In this plot, the optimal cut-off is identified as 22 optical units where both sensitivity and specificity approach 0.8. Here the line plots of estimated sensitivity and specificity values are fairly smooth. However, this is often not the case, and there are various methods used to provide smoothed curves. We consider these briefly below.

1. Win-Episcope

   In the 'Cut-off value' module, the number of animals that are really positive or negative (true status) are entered for each value of antibody titre. The package displays the distributions of titres for infected and uninfected animals as seen in the first figure below. The cut-off value can then be scrolled to see the effect on sensitivity, specificity and predictive values. Confidence intervals are also given. The module then provides the ROC curve and calculates the area under curve (AUC). This is shown in the second figure below.

{Fig. 5}

This package has its strengths and weaknesses, namely

• it is very easy to use, and data can be entered directly to the package but:
• it will only accept a rather small number of values (20) for evaluating the cut-off value;
• it does not show the cut-off values on the ROC curve (for rational selection of the cut-off);
• it does not do two-graph ROC curves

2. CMDT

   CMDT was developed to aid selection of cut-off values and evaluation of quantitative diagnostic tests. Data are most readily entered to the program as Microsoft Excel spreadsheets. Both standard and two-graph-ROC analyses can be done. The figure below shows the output for the two graph ROC using the same data as for Win-Episcope.

{Fig. 6}

The cut-off value is estimated using two methods:

• In the non-parametric method, the range of observations is divided into intervals by 250 equidistant points. For each of these points the corresponding values of sensitivity and specificity are calculated. The cut-off point, d₀, is determined from these values.
• In the parametric method, it is assumed that relationships between sensitivity or specificity and optical density can be fitted by cumulative normal distribution functions - rather than using percentiles.
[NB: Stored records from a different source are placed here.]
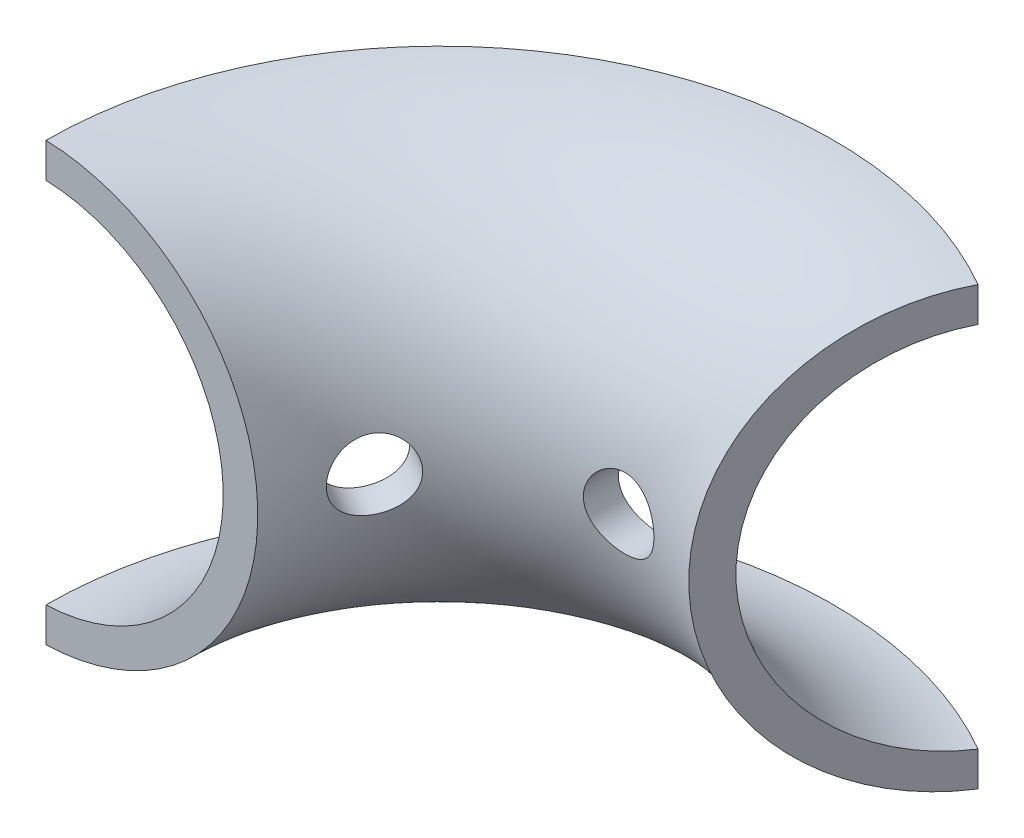
ISO-10303-21;
HEADER;
FILE_DESCRIPTION(('STEP AP214'),'2;1');
FILE_NAME('part.step','',(''),(''),'','','');
FILE_SCHEMA(('AUTOMOTIVE_DESIGN { 1 0 10303 214 1 1 1 1 }'));
ENDSEC;
DATA;
#1=APPLICATION_CONTEXT('core data for automotive mechanical design processes');
#2=APPLICATION_PROTOCOL_DEFINITION('international standard','automotive_design',2000,#1);
#3=PRODUCT_CONTEXT('',#1,'mechanical');
#4=PRODUCT('Part','Part','',(#3));
#5=PRODUCT_RELATED_PRODUCT_CATEGORY('part','',(#4));
#6=PRODUCT_DEFINITION_FORMATION('','',#4);
#7=PRODUCT_DEFINITION_CONTEXT('part definition',#1,'design');
#8=PRODUCT_DEFINITION('design','',#6,#7);
#9=PRODUCT_DEFINITION_SHAPE('','',#8);
#10=(LENGTH_UNIT() NAMED_UNIT(*) SI_UNIT(.MILLI.,.METRE.));
#11=(NAMED_UNIT(*) PLANE_ANGLE_UNIT() SI_UNIT($,.RADIAN.));
#12=(NAMED_UNIT(*) SI_UNIT($,.STERADIAN.) SOLID_ANGLE_UNIT());
#13=UNCERTAINTY_MEASURE_WITH_UNIT(LENGTH_MEASURE(1.E-05),#10,'distance_accuracy_value','');
#14=(GEOMETRIC_REPRESENTATION_CONTEXT(3) GLOBAL_UNCERTAINTY_ASSIGNED_CONTEXT((#13)) GLOBAL_UNIT_ASSIGNED_CONTEXT((#10,
#11,#12)) REPRESENTATION_CONTEXT('',''));
#15=CARTESIAN_POINT('',(0.,0.,0.));
#16=DIRECTION('',(0.,0.,1.));
#17=DIRECTION('',(1.,0.,0.));
#18=AXIS2_PLACEMENT_3D('',#15,#16,#17);
#19=CARTESIAN_POINT('',(44.2949999999999,0.,-25.5737301737545));
#20=DIRECTION('',(-0.86602540378444,0.,-0.499999999999998));
#21=DIRECTION('',(-0.499999999999998,0.,0.86602540378444));
#22=AXIS2_PLACEMENT_3D('',#19,#20,#21);
#23=PLANE('',#22);
#24=CARTESIAN_POINT('',(44.2949999999999,0.,-25.5737301737545));
#25=DIRECTION('',(-0.86602540378444,0.,-0.499999999999998));
#26=DIRECTION('',(-0.499999999999998,0.,0.86602540378444));
#27=AXIS2_PLACEMENT_3D('',#24,#25,#26);
#28=CIRCLE('',#27,16.105);
#29=CARTESIAN_POINT('',(44.0449999999999,-16.0972365640814,-25.1407174718623));
#30=VERTEX_POINT('',#29);
#31=CARTESIAN_POINT('',(44.0449999999999,16.0972365640814,-25.1407174718623));
#32=VERTEX_POINT('',#31);
#33=EDGE_CURVE('E81',#30,#32,#28,.T.);
#34=ORIENTED_EDGE('',*,*,#33,.F.);
#35=DIRECTION('',(0.,-1.,0.));
#36=VECTOR('',#35,1.);
#37=CARTESIAN_POINT('',(44.0449999999999,-16.0972365640814,-25.1407174718623));
#38=LINE('',#37,#36);
#39=CARTESIAN_POINT('',(44.0449999999999,-13.5507785754177,-25.1407174718623));
#40=VERTEX_POINT('',#39);
#41=EDGE_CURVE('E69',#40,#30,#38,.T.);
#42=ORIENTED_EDGE('',*,*,#41,.F.);
#43=CARTESIAN_POINT('',(44.2949999999999,0.,-25.5737301737545));
#44=DIRECTION('',(0.86602540378444,0.,0.499999999999998));
#45=DIRECTION('',(-0.499999999999998,0.,0.86602540378444));
#46=AXIS2_PLACEMENT_3D('',#43,#44,#45);
#47=CIRCLE('',#46,13.56);
#48=CARTESIAN_POINT('',(44.0449999999999,13.5507785754177,-25.1407174718623));
#49=VERTEX_POINT('',#48);
#50=EDGE_CURVE('E74',#49,#40,#47,.T.);
#51=ORIENTED_EDGE('',*,*,#50,.F.);
#52=DIRECTION('',(0.,-1.,0.));
#53=VECTOR('',#52,1.);
#54=CARTESIAN_POINT('',(44.0449999999999,16.0972365640814,-25.1407174718623));
#55=LINE('',#54,#53);
#56=EDGE_CURVE('E78',#32,#49,#55,.T.);
#57=ORIENTED_EDGE('',*,*,#56,.F.);
#58=EDGE_LOOP('',(#34,#42,#51,#57));
#59=FACE_BOUND('',#58,.T.);
#60=ADVANCED_FACE('F38',(#59),#23,.F.);
#61=CARTESIAN_POINT('',(0.,0.,0.));
#62=DIRECTION('',(0.,0.,1.));
#63=DIRECTION('',(1.,0.,0.));
#64=AXIS2_PLACEMENT_3D('',#61,#62,#63);
#65=PLANE('',#64);
#66=CARTESIAN_POINT('',(0.,0.,0.));
#67=DIRECTION('',(0.,0.,1.));
#68=DIRECTION('',(1.,0.,0.));
#69=AXIS2_PLACEMENT_3D('',#66,#67,#68);
#70=CIRCLE('',#69,16.105);
#71=CARTESIAN_POINT('',(0.500000000000007,-16.0972365640814,0.));
#72=VERTEX_POINT('',#71);
#73=CARTESIAN_POINT('',(0.500000000000007,16.0972365640814,0.));
#74=VERTEX_POINT('',#73);
#75=EDGE_CURVE('E98',#72,#74,#70,.T.);
#76=ORIENTED_EDGE('',*,*,#75,.T.);
#77=DIRECTION('',(0.,-1.,0.));
#78=VECTOR('',#77,1.);
#79=CARTESIAN_POINT('',(0.500000000000004,16.0972365640814,0.));
#80=LINE('',#79,#78);
#81=CARTESIAN_POINT('',(0.500000000000005,13.5507785754177,0.));
#82=VERTEX_POINT('',#81);
#83=EDGE_CURVE('E58',#74,#82,#80,.T.);
#84=ORIENTED_EDGE('',*,*,#83,.T.);
#85=CARTESIAN_POINT('',(0.,0.,0.));
#86=DIRECTION('',(0.,0.,-1.));
#87=DIRECTION('',(1.,0.,0.));
#88=AXIS2_PLACEMENT_3D('',#85,#86,#87);
#89=CIRCLE('',#88,13.56);
#90=CARTESIAN_POINT('',(0.500000000000004,-13.5507785754177,0.));
#91=VERTEX_POINT('',#90);
#92=EDGE_CURVE('E52',#82,#91,#89,.T.);
#93=ORIENTED_EDGE('',*,*,#92,.T.);
#94=DIRECTION('',(0.,-1.,0.));
#95=VECTOR('',#94,1.);
#96=CARTESIAN_POINT('',(0.500000000000004,-16.0972365640814,0.));
#97=LINE('',#96,#95);
#98=EDGE_CURVE('E11',#91,#72,#97,.T.);
#99=ORIENTED_EDGE('',*,*,#98,.T.);
#100=EDGE_LOOP('',(#76,#84,#93,#99));
#101=FACE_BOUND('',#100,.T.);
#102=ADVANCED_FACE('F135',(#101),#65,.T.);
#103=CARTESIAN_POINT('',(29.53,0.,0.));
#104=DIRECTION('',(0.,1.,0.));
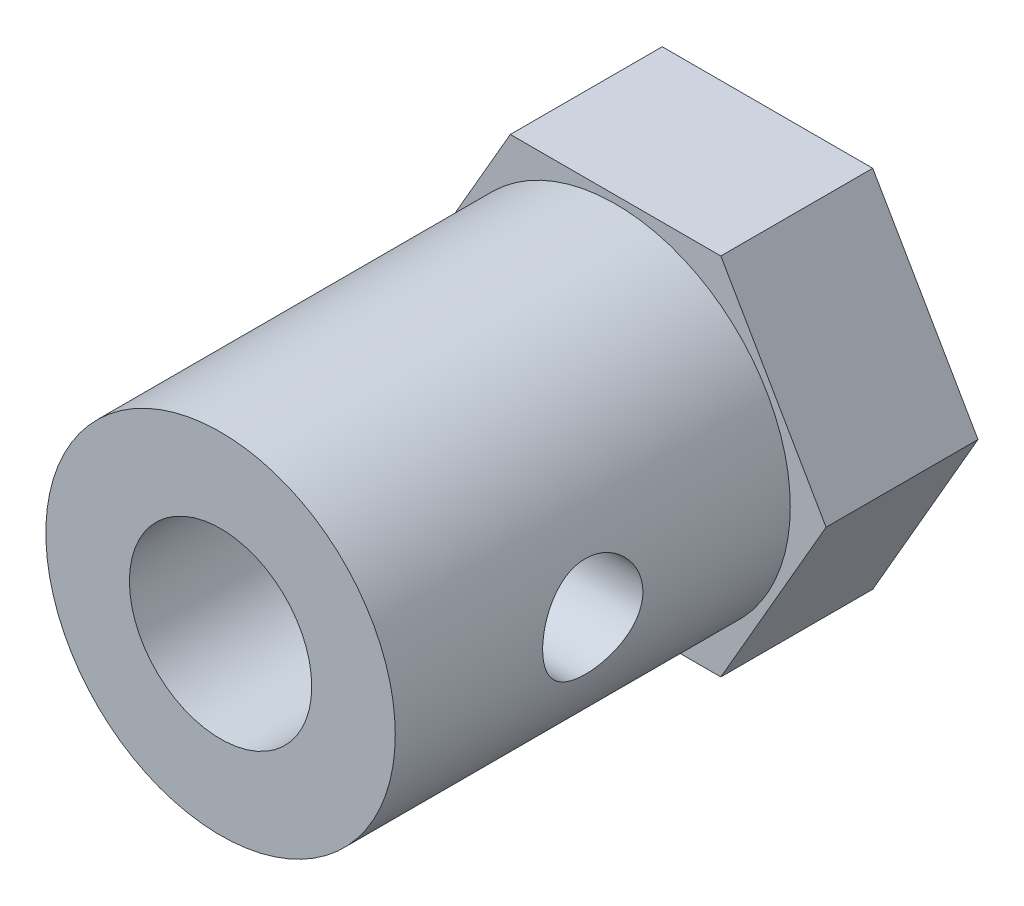
ISO-10303-21;
HEADER;
FILE_DESCRIPTION(('STEP AP214'),'2;1');
FILE_NAME('part.step','',(''),(''),'','','');
FILE_SCHEMA(('AUTOMOTIVE_DESIGN { 1 0 10303 214 1 1 1 1 }'));
ENDSEC;
DATA;
#1=APPLICATION_CONTEXT('core data for automotive mechanical design processes');
#2=APPLICATION_PROTOCOL_DEFINITION('international standard','automotive_design',2000,#1);
#3=PRODUCT_CONTEXT('',#1,'mechanical');
#4=PRODUCT('Part','Part','',(#3));
#5=PRODUCT_RELATED_PRODUCT_CATEGORY('part','',(#4));
#6=PRODUCT_DEFINITION_FORMATION('','',#4);
#7=PRODUCT_DEFINITION_CONTEXT('part definition',#1,'design');
#8=PRODUCT_DEFINITION('design','',#6,#7);
#9=PRODUCT_DEFINITION_SHAPE('','',#8);
#10=(LENGTH_UNIT() NAMED_UNIT(*) SI_UNIT(.MILLI.,.METRE.));
#11=(NAMED_UNIT(*) PLANE_ANGLE_UNIT() SI_UNIT($,.RADIAN.));
#12=(NAMED_UNIT(*) SI_UNIT($,.STERADIAN.) SOLID_ANGLE_UNIT());
#13=UNCERTAINTY_MEASURE_WITH_UNIT(LENGTH_MEASURE(1.E-05),#10,'distance_accuracy_value','');
#14=(GEOMETRIC_REPRESENTATION_CONTEXT(3) GLOBAL_UNCERTAINTY_ASSIGNED_CONTEXT((#13)) GLOBAL_UNIT_ASSIGNED_CONTEXT((#10,
#11,#12)) REPRESENTATION_CONTEXT('',''));
#15=CARTESIAN_POINT('',(0.,0.,0.));
#16=DIRECTION('',(0.,0.,1.));
#17=DIRECTION('',(1.,0.,0.));
#18=AXIS2_PLACEMENT_3D('',#15,#16,#17);
#19=CARTESIAN_POINT('',(0.,0.,18.));
#20=DIRECTION('',(0.,0.,-1.));
#21=DIRECTION('',(-1.,0.,0.));
#22=AXIS2_PLACEMENT_3D('',#19,#20,#21);
#23=CYLINDRICAL_SURFACE('',#22,5.75);
#24=CARTESIAN_POINT('',(0.,0.,18.));
#25=DIRECTION('',(0.,0.,1.));
#26=DIRECTION('',(1.,0.,0.));
#27=AXIS2_PLACEMENT_3D('',#24,#25,#26);
#28=CIRCLE('',#27,5.75);
#29=CARTESIAN_POINT('',(5.75,0.,18.));
#30=VERTEX_POINT('',#29);
#31=EDGE_CURVE('E220',#30,#30,#28,.T.);
#32=ORIENTED_EDGE('',*,*,#31,.F.);
#33=EDGE_LOOP('',(#32));
#34=FACE_BOUND('',#33,.T.);
#35=CARTESIAN_POINT('',(0.,0.,5.));
#36=DIRECTION('',(0.,0.,1.));
#37=DIRECTION('',(1.,0.,0.));
#38=AXIS2_PLACEMENT_3D('',#35,#36,#37);
#39=CIRCLE('',#38,5.75);
#40=CARTESIAN_POINT('',(5.75,0.,5.));
#41=VERTEX_POINT('',#40);
#42=EDGE_CURVE('E11',#41,#41,#39,.T.);
#43=ORIENTED_EDGE('',*,*,#42,.T.);
#44=EDGE_LOOP('',(#43));
#45=FACE_BOUND('',#44,.T.);
#46=CARTESIAN_POINT('',(5.75,0.,13.15));
#47=CARTESIAN_POINT('',(5.74999894485586,-0.0906961446381819,13.1499984405625));
#48=CARTESIAN_POINT('',(5.7478333791731,-0.181408288549587,13.1424970899451));
#49=CARTESIAN_POINT('',(5.73940553693281,-0.360202358944356,13.1127537315581));
#50=CARTESIAN_POINT('',(5.73314173825162,-0.448283295456844,13.0905062468906));
#51=CARTESIAN_POINT('',(5.71720581243595,-0.619209546256528,13.0320662575807));
#52=CARTESIAN_POINT('',(5.70753846268217,-0.702062008228269,12.9958932927651));
#53=CARTESIAN_POINT('',(5.68580699621906,-0.86052535142575,12.9107062228644));
#54=CARTESIAN_POINT('',(5.67374262283993,-0.936135455864288,12.8616907424422));
#55=CARTESIAN_POINT('',(5.64815284445102,-1.07997125627182,12.7508402700159));
#56=CARTESIAN_POINT('',(5.63459945629327,-1.14797782499046,12.6887274134066));
#57=CARTESIAN_POINT('',(5.60773116392039,-1.2727663228433,12.5540382389217));
#58=CARTESIAN_POINT('',(5.59441629610124,-1.3295465519892,12.4814603392129));
#59=CARTESIAN_POINT('',(5.56924061927724,-1.43138911178981,12.3260898327616));
#60=CARTESIAN_POINT('',(5.55741480657287,-1.47619022690635,12.2431198053084));
#61=CARTESIAN_POINT('',(5.53697172829493,-1.55111673219442,12.0704298045356));
#62=CARTESIAN_POINT('',(5.5283537658123,-1.58124531043008,11.980711302427));
#63=CARTESIAN_POINT('',(5.51559267171438,-1.62519308311781,11.7995186717094));
#64=CARTESIAN_POINT('',(5.51133965574286,-1.63941362793417,11.7081498282951));
#65=CARTESIAN_POINT('',(5.50746251461453,-1.6523941928162,11.5242319114202));
#66=CARTESIAN_POINT('',(5.50783737395267,-1.6511576046744,11.4316831013349));
#67=CARTESIAN_POINT('',(5.51307584933829,-1.63357560770256,11.2512419023816));
#68=CARTESIAN_POINT('',(5.51779218531269,-1.61772590568747,11.1632962400759));
#69=CARTESIAN_POINT('',(5.53094492411859,-1.57216567611317,10.9913685029092));
#70=CARTESIAN_POINT('',(5.53938166587569,-1.54245388571593,10.9073867899322));
#71=CARTESIAN_POINT('',(5.55914691967904,-1.46963231247883,10.7445263968793));
#72=CARTESIAN_POINT('',(5.57051092684131,-1.42635655158543,10.6657264233927));
#73=CARTESIAN_POINT('',(5.59483240379385,-1.32775098223681,10.5163374683174));
#74=CARTESIAN_POINT('',(5.60779023075596,-1.27241846973636,10.4457503341314));
#75=CARTESIAN_POINT('',(5.63444304543033,-1.14877872986672,10.3119705726714));
#76=CARTESIAN_POINT('',(5.64814732630681,-1.08005808628069,10.2491612679456));
#77=CARTESIAN_POINT('',(5.67431013521396,-0.932889263263325,10.135873537644));
#78=CARTESIAN_POINT('',(5.68676859753998,-0.854440571261456,10.0853957622327));
#79=CARTESIAN_POINT('',(5.70913392660977,-0.689387714677584,9.99799756735523));
#80=CARTESIAN_POINT('',(5.71902589074793,-0.602739737447879,9.96115582209669));
#81=CARTESIAN_POINT('',(5.73503628097883,-0.424129180421753,9.90267769185267));
#82=CARTESIAN_POINT('',(5.74115566675719,-0.332167958748287,9.88103743964685));
#83=CARTESIAN_POINT('',(5.74878229269431,-0.148805120715148,9.85420000916309));
#84=CARTESIAN_POINT('',(5.75043537624892,-0.0574855851111882,9.84848268174512));
#85=CARTESIAN_POINT('',(5.74936754798713,0.124810947541473,9.85220416305477));
#86=CARTESIAN_POINT('',(5.7466471659855,0.215787984743228,9.86164113594473));
#87=CARTESIAN_POINT('',(5.7372330855778,0.392896948063371,9.89498007817756));
#88=CARTESIAN_POINT('',(5.73062139395372,0.479089803046606,9.91858369234823));
#89=CARTESIAN_POINT('',(5.71418299265245,0.646277939031781,9.97923200530588));
#90=CARTESIAN_POINT('',(5.70435590980621,0.72727261544237,10.016278264262));
#91=CARTESIAN_POINT('',(5.68224574402977,0.88372270661621,10.1036700289363));
#92=CARTESIAN_POINT('',(5.66991383217279,0.95901905985284,10.1542876123503));
#93=CARTESIAN_POINT('',(5.6442144676031,1.10022857486026,10.2670501025528));
#94=CARTESIAN_POINT('',(5.63084677766897,1.16613957726298,10.3291976545898));
#95=CARTESIAN_POINT('',(5.60403174928982,1.28895901420806,10.4656947166757));
#96=CARTESIAN_POINT('',(5.59059635182993,1.34549838779868,10.5403793334319));
#97=CARTESIAN_POINT('',(5.56564246336,1.44526055924657,10.6984663577108));
#98=CARTESIAN_POINT('',(5.55412390685278,1.48848381214969,10.7818684672039));
#99=CARTESIAN_POINT('',(5.53444235202912,1.56007293905557,10.9546830720141));
#100=CARTESIAN_POINT('',(5.52626177491665,1.5885168680396,11.0440611180019));
#101=CARTESIAN_POINT('',(5.51420547135784,1.62988071124704,11.2266124631843));
#102=CARTESIAN_POINT('',(5.5103284262893,1.64280538074285,11.3197845907787));
#103=CARTESIAN_POINT('',(5.5074402742898,1.65245987251955,11.5034685465837));
#104=CARTESIAN_POINT('',(5.50824947335189,1.64978772302246,11.5939465508489));
#105=CARTESIAN_POINT('',(5.51421515076883,1.62973566438414,11.7731043332403));
#106=CARTESIAN_POINT('',(5.51937148168594,1.61235625405569,11.8617841722488));
#107=CARTESIAN_POINT('',(5.53333519378014,1.56375384907016,12.0339420216163));
#108=CARTESIAN_POINT('',(5.54210412419185,1.53267641313955,12.1174644697843));
#109=CARTESIAN_POINT('',(5.56230093904094,1.45767276307374,12.2781758153731));
#110=CARTESIAN_POINT('',(5.57372929738854,1.41374425851812,12.355363580633));
#111=CARTESIAN_POINT('',(5.59843739640016,1.31255246555541,12.5040220733673));
#112=CARTESIAN_POINT('',(5.61176649295712,1.25489022721241,12.5752130466321));
#113=CARTESIAN_POINT('',(5.63852078233132,1.12860221455032,12.7071023963313));
#114=CARTESIAN_POINT('',(5.65194599855773,1.05997367626547,12.7677981194728));
#115=CARTESIAN_POINT('',(5.67779722780504,0.91155408964373,12.8785359123087));
#116=CARTESIAN_POINT('',(5.69018826682081,0.831519570391585,12.9282606136112));
#117=CARTESIAN_POINT('',(5.71217142304035,0.663871191007069,13.0134746702933));
#118=CARTESIAN_POINT('',(5.72176505050729,0.576261453823037,13.0489717107773));
#119=CARTESIAN_POINT('',(5.73606952160004,0.40769083978903,13.1009467332427));
#120=CARTESIAN_POINT('',(5.74125239799259,0.327342194635824,13.1192948467815));
#121=CARTESIAN_POINT('',(5.7482178842134,0.164666580993481,13.1438213579009));
#122=CARTESIAN_POINT('',(5.75000095792876,0.0823398839526751,13.1500014157592));
#123=CARTESIAN_POINT('',(5.75,0.,13.15));
#124=B_SPLINE_CURVE_WITH_KNOTS('',3,(#46,#47,#48,#49,#50,#51,#52,#53,#54,#55,#56,#57,#58,#59,
#60,#61,#62,#63,#64,#65,#66,#67,#68,#69,#70,#71,#72,#73,#74,#75,#76,#77,#78,#79,#80,#81,#82,#83,
#84,#85,#86,#87,#88,#89,#90,#91,#92,#93,#94,#95,#96,#97,#98,#99,#100,#101,#102,#103,#104,#105,
#106,#107,#108,#109,#110,#111,#112,#113,#114,#115,#116,#117,#118,#119,#120,#121,#122,#123),
.UNSPECIFIED.,.T.,.F.,(4,2,2,2,2,2,2,2,2,2,2,2,2,2,2,2,2,2,2,2,2,2,2,2,2,2,2,2,2,2,2,2,2,2,2,2,
2,2,4),(0.,0.271786181811191,0.543673365004665,0.815180426461545,1.08671657618187,
1.36472887245395,1.64278323553499,1.92648098453513,2.21011706385886,2.48642335418865,
2.76266901508852,3.02987551217674,3.29710635656585,3.56774404904759,3.83844250177548,
4.11943605412332,4.40044441830765,4.68304970328904,4.96558306815811,5.23877224528155,
5.51192832994056,5.77952413512242,6.04715100772602,6.32060664877917,6.59412510480543,
6.87667374860184,7.15921273591808,7.44024396372968,7.72118905847898,7.991434465033,
8.26167070628679,8.52910208965749,8.79658116586061,9.07306028653828,9.34960920173971,
9.63333523109917,9.91690779797436,10.1636867198652,10.4104319675221),.UNSPECIFIED.);
#125=CARTESIAN_POINT('',(5.75,0.,13.15));
#126=VERTEX_POINT('',#125);
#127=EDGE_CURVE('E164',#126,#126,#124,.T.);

The cut-off point lies at the intersection of these two curves.
Since the distributions here do approximate to normal, we have given the d₀ for the parametric method.

The vertical lines represent the intermediate range for parametric and non-parametric estimates of the cut-off point. Any readings within the intermediate range marked on the graph can be regarded as borderline for clinical interpretation of the test result. Their position is set by the user, who selects desired levels of sensitivity and specificity.

As with Win-Episcope this package has its strengths and weaknesses, namely:

• it will accept large data sets, and provides a comprehensive set of analyses but:
• it will only accept data in raw form, unlike the frequency table data accepted by Win-Episcope;
• it is not as easy to use (not least because the version we downloaded did not include help files!)